Evelance predicts where personas will hesitate. It does not measure your real drop-off, which stays the job of live analytics and session replay, so the two work best in sequence, a predictive read to catch friction early, then real behavioral data to confirm it on real shoppers. On the question every team asks about AI feedback, the platform reports 89.78% thematic agreement between its persona predictions and real-user feedback in its own case study, enough to trust the direction while you verify the destination on live traffic.

Common Cart Abandonment Causes

The common cart abandonment causes are surprise costs, forced account creation, an overlong checkout, an empty coupon field, and the mobile penalty. With the method in place, each one stops being trivia and becomes something you can confirm, because it leaves a recognizable fingerprint in the data you have gathered.

Surprise Costs at the Final Step

The most common fixable cause is a cost that appears too late. Shoppers judge a price in sequence, so a shipping charge or a fee that lands at the final step comes across as unfair after everything before it looked settled. The trace is a drop that concentrates on the step where the total updates. If your steepest fall sits right where shipping is added, you are almost certainly losing people to a surprise rather than to the product. Showing the full cost early, or a free-shipping threshold that makes the number visible from the start, moves that drop.

The Forced Account Gate

A checkout that demands an account before it will take an order turns a first-time buyer into someone doing paperwork for a store they have bought nothing from yet. The trace is a drop right at the account step, heaviest among new visitors. One merchant who required registration described a flow that bounced shoppers to a login screen and then a signup before returning them to the cart. He lost the majority of them along the way. Setting accounts to optional and offering guest checkout is one of the most reliable single fixes in the field.

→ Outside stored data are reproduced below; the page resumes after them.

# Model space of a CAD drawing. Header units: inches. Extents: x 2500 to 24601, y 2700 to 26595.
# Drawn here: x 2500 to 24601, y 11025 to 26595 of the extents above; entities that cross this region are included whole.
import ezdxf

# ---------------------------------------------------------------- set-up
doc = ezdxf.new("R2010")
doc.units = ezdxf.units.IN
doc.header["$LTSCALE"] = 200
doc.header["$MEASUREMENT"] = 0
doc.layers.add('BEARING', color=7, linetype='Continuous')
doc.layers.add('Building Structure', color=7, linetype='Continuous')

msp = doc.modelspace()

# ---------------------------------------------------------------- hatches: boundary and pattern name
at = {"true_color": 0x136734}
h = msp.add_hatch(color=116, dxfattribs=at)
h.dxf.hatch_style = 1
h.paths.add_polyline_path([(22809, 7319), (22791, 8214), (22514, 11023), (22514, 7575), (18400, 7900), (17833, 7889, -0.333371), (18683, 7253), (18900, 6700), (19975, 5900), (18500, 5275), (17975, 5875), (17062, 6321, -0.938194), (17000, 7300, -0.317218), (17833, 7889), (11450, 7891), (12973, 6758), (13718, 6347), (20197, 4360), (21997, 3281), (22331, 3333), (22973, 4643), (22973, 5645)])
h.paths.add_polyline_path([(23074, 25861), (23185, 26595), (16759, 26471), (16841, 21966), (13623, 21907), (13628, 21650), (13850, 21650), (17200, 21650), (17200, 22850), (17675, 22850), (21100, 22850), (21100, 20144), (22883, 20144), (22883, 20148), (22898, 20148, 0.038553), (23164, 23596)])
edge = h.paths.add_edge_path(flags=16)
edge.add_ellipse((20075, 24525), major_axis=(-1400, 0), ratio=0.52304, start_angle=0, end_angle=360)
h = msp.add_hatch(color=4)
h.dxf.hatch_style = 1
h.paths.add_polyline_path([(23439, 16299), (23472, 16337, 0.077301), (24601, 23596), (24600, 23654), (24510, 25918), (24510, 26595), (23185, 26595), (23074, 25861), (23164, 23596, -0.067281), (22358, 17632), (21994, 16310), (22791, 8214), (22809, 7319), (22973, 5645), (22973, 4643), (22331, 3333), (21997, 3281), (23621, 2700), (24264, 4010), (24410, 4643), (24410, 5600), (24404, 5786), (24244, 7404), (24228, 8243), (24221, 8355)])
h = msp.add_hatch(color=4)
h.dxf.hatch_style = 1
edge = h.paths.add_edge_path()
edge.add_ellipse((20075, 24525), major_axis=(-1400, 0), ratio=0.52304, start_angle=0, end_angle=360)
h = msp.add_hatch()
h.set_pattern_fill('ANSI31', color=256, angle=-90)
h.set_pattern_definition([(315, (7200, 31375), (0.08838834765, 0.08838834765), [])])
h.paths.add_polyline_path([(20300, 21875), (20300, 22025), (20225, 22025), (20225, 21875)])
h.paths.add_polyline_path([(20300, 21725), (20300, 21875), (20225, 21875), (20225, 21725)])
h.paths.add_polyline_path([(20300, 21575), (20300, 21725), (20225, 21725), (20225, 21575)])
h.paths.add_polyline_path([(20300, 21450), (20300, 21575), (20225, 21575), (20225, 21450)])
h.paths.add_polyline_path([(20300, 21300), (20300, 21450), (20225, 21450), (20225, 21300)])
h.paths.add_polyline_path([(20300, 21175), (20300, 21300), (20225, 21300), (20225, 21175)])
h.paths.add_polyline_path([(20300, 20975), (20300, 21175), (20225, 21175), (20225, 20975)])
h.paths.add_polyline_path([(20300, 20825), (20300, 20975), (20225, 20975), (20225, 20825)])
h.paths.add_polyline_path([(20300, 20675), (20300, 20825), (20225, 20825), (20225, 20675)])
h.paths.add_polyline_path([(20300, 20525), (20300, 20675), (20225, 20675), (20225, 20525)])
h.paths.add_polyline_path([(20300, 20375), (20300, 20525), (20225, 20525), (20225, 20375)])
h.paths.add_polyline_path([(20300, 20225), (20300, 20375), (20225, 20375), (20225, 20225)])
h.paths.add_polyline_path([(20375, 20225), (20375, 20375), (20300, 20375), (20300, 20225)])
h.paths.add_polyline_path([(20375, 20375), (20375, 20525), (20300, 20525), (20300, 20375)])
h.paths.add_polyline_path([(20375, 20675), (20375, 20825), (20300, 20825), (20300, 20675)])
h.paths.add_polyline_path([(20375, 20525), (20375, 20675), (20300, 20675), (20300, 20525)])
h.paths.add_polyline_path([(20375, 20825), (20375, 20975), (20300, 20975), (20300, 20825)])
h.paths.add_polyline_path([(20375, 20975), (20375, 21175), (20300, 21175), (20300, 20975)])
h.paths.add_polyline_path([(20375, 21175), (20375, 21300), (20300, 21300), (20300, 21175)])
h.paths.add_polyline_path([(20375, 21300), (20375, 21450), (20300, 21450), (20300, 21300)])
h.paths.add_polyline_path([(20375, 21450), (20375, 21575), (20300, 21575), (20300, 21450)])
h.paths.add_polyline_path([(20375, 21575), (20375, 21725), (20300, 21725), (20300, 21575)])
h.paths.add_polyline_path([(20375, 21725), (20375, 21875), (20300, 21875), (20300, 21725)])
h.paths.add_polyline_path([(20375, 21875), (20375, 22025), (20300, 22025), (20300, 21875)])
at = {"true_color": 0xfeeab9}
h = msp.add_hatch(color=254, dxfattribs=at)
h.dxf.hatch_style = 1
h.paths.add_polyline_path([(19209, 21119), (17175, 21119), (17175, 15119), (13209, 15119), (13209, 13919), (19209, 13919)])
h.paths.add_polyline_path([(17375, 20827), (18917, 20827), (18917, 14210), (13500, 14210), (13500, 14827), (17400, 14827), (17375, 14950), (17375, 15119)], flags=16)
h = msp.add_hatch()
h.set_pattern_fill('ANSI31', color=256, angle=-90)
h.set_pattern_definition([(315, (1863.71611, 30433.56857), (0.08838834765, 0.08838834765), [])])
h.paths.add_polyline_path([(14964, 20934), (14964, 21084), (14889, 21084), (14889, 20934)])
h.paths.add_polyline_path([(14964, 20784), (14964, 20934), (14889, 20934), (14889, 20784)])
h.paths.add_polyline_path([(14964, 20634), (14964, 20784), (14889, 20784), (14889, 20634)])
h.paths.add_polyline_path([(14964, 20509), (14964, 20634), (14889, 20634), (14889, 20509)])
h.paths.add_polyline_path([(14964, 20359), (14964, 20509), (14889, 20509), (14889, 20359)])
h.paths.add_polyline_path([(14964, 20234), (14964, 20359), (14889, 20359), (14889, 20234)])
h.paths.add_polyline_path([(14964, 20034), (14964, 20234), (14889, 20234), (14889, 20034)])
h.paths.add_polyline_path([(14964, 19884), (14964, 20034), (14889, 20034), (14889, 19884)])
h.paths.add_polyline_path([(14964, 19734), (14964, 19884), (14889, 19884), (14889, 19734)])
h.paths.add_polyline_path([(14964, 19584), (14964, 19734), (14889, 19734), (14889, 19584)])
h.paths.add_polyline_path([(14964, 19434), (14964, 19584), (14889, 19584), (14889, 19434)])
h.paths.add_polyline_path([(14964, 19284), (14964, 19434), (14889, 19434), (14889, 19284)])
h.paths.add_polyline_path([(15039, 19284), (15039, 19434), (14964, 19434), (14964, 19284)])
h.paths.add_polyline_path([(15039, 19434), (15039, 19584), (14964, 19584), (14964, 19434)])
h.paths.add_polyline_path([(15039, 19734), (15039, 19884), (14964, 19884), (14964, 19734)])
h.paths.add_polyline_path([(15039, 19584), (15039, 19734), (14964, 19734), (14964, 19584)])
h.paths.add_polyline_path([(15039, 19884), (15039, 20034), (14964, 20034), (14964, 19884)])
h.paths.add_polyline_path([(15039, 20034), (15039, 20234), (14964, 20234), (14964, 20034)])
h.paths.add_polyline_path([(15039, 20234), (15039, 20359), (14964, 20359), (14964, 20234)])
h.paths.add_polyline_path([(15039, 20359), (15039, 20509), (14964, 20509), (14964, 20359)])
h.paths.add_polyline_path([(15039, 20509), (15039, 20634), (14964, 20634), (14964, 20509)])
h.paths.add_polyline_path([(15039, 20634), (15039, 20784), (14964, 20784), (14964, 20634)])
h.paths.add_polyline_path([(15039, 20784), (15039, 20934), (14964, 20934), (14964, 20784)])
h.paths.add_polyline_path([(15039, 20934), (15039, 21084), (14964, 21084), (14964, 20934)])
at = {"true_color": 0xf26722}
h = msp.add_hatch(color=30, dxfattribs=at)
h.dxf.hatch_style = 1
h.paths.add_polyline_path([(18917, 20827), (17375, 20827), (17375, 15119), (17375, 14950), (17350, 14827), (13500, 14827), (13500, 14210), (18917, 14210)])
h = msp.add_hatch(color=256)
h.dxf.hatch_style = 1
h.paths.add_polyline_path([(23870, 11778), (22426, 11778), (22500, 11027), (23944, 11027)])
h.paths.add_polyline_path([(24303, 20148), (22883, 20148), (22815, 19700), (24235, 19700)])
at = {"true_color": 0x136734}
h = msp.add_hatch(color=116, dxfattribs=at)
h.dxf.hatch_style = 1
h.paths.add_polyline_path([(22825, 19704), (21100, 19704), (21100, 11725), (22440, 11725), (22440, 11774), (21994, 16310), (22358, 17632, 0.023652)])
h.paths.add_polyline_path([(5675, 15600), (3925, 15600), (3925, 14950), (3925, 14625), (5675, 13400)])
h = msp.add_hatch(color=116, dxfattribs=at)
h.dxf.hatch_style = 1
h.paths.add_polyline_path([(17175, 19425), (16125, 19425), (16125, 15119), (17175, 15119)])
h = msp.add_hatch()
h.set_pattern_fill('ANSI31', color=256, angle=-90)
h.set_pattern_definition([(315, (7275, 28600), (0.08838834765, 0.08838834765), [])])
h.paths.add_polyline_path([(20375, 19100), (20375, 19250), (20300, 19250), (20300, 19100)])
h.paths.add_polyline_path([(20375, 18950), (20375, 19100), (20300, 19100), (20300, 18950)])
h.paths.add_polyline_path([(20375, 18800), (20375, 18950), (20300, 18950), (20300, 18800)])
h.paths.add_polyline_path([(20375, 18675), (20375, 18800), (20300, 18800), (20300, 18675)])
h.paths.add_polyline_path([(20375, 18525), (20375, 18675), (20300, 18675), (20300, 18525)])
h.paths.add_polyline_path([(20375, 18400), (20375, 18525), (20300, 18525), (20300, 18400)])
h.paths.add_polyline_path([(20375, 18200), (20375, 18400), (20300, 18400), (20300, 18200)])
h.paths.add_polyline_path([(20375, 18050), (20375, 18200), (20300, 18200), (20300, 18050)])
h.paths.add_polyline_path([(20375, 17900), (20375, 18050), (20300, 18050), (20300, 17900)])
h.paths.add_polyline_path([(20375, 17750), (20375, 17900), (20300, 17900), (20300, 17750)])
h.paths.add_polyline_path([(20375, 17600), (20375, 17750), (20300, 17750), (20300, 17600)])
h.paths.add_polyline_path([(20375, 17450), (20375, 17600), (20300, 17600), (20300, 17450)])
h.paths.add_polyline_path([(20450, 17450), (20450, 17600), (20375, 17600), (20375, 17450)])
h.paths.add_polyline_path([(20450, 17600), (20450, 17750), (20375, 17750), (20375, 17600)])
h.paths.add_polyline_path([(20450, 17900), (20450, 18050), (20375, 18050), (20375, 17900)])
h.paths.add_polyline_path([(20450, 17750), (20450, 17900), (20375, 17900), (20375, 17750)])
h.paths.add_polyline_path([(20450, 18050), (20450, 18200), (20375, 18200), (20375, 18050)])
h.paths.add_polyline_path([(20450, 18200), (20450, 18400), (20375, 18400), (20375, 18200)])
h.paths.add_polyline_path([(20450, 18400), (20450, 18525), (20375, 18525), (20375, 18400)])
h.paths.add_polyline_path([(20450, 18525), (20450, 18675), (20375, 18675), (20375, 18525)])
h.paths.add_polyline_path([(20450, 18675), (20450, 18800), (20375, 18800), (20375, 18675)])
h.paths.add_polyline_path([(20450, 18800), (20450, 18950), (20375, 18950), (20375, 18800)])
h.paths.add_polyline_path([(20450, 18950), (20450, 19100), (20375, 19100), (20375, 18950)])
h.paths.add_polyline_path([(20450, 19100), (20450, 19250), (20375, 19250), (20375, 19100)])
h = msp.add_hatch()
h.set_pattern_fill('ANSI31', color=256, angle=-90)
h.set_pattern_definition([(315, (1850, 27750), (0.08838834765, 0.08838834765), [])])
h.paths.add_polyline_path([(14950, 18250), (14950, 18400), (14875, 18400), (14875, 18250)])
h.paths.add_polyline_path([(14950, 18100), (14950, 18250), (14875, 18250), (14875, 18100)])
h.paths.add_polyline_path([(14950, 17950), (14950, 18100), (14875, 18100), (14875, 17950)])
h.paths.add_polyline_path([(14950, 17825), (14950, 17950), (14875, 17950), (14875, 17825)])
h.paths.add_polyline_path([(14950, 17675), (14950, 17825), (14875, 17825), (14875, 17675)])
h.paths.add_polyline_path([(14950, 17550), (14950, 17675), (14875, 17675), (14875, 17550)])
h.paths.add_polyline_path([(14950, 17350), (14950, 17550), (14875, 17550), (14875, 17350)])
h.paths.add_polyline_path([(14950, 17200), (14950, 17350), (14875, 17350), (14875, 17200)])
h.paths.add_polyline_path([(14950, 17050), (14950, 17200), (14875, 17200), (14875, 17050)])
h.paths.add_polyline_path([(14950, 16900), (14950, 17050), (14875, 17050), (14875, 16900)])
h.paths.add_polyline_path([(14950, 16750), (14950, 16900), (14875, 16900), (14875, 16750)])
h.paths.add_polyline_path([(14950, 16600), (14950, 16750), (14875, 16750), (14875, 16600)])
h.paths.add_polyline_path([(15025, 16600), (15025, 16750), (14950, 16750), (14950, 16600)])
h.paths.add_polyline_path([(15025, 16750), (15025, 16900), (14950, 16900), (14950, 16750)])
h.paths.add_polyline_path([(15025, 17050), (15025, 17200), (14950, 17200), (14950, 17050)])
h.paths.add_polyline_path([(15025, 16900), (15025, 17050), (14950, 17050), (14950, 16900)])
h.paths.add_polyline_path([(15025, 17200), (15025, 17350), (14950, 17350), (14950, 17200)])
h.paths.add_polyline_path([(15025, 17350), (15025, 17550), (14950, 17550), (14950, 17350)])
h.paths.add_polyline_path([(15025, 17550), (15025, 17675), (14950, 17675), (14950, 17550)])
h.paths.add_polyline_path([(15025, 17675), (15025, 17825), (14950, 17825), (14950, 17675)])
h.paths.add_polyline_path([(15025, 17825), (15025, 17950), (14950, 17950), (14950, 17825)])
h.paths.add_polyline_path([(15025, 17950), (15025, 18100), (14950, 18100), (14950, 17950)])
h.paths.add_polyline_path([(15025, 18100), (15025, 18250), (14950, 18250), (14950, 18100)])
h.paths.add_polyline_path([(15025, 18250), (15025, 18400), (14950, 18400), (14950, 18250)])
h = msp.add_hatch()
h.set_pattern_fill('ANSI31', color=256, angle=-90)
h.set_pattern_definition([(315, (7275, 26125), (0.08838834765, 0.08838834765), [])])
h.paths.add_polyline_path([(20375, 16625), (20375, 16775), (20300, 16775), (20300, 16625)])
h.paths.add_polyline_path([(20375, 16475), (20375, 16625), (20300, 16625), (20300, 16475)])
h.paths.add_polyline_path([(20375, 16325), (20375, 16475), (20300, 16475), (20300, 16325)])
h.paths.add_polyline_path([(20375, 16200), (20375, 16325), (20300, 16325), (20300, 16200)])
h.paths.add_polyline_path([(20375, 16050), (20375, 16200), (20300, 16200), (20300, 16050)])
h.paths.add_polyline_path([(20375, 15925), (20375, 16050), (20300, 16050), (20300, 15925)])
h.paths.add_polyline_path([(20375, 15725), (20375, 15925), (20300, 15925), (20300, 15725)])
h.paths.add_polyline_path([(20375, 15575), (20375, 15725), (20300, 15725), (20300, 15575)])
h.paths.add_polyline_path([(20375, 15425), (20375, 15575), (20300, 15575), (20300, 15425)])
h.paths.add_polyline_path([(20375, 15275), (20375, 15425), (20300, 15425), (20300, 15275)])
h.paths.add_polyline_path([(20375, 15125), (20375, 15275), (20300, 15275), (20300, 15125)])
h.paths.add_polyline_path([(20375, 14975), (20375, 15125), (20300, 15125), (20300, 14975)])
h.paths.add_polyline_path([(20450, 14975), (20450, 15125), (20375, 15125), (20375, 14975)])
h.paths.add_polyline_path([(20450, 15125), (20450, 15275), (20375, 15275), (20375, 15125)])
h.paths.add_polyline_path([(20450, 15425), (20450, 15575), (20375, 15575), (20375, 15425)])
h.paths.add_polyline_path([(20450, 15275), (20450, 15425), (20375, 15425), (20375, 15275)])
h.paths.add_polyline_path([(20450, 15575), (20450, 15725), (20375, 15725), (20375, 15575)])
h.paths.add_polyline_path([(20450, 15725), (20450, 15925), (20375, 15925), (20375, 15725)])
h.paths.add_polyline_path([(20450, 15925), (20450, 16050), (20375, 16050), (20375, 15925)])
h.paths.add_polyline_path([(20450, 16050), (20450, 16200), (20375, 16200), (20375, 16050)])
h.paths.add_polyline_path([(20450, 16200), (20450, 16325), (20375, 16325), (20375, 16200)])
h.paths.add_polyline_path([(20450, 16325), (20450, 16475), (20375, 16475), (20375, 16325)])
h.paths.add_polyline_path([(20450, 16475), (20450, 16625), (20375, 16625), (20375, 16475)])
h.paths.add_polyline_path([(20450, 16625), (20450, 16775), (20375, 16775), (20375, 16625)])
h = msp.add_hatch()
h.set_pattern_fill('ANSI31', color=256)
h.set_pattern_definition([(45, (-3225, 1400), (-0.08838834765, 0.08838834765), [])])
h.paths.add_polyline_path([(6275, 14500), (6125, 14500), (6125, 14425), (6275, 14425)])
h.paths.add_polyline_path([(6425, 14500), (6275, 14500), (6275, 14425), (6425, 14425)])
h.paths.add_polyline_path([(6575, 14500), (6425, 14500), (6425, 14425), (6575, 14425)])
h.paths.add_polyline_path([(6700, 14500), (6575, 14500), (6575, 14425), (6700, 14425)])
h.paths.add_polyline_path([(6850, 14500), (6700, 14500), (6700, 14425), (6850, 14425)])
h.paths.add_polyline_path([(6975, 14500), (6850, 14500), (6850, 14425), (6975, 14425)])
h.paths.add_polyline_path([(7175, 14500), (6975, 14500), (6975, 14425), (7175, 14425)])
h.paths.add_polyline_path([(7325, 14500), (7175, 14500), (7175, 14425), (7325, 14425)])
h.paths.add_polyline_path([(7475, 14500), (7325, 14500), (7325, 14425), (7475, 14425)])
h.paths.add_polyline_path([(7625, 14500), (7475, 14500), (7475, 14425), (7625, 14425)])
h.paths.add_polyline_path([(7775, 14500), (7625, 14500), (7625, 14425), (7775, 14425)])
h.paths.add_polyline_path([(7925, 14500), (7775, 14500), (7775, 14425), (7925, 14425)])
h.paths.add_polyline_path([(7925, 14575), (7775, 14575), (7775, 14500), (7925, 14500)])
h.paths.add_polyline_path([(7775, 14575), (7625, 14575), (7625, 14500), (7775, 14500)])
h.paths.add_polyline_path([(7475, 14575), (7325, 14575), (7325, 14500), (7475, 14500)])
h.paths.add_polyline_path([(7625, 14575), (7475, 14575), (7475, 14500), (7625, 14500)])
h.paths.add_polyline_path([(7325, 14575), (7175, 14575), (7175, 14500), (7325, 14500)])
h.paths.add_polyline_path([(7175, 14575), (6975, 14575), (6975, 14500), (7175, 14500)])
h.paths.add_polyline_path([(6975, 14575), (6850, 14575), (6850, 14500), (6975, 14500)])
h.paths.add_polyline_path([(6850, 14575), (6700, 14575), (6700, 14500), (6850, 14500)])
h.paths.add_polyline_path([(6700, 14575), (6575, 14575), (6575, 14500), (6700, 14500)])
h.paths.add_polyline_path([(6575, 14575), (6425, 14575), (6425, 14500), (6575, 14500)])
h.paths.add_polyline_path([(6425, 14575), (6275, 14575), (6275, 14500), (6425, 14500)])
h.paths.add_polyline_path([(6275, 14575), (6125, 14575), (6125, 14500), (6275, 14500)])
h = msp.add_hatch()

A Checkout With Too Many Fields

Length is measured in fields, not pages. Baymard’s testing puts an efficient checkout at 7 to 8 form fields, while the average store shows close to 14.9, nearly double what the task needs. The trace here is diffuse rather than sharp, a steady bleed across the whole flow instead of one cliff, because no single field is the culprit and the sheer count is the burden. Counting your own fields and cutting the ones you do not need is unglamorous work that pays back, since removing even one field has been enough to raise completion.

The Coupon Code Field

An empty promo code box is a subtler cause that instruments miss unless you look for it. The moment a shopper sees the box, it implies someone else is paying less, so they open a new tab to hunt for a code and never come back. Standard funnel counts show only that they left the payment step. The tell shows up in replay, a shopper focusing the coupon field, typing nothing, then going cold. Collapsing the field behind a small have-a-code link keeps it available without advertising a discount to everyone who does not have one.

The Mobile Penalty

Mobile deserves a line, because the same checkout that works on a desktop can fail on a phone. Typing a 16-digit card number on a touchscreen has a high error rate, and every mistyped digit adds time and another chance to abandon. The trace is the device gap you found earlier, the 13 to 16 point spread between phone and desktop abandonment. Autofill and address lookup help here, and one-tap wallets that collapse the form to a few taps help most of all, more than any wording change you could make.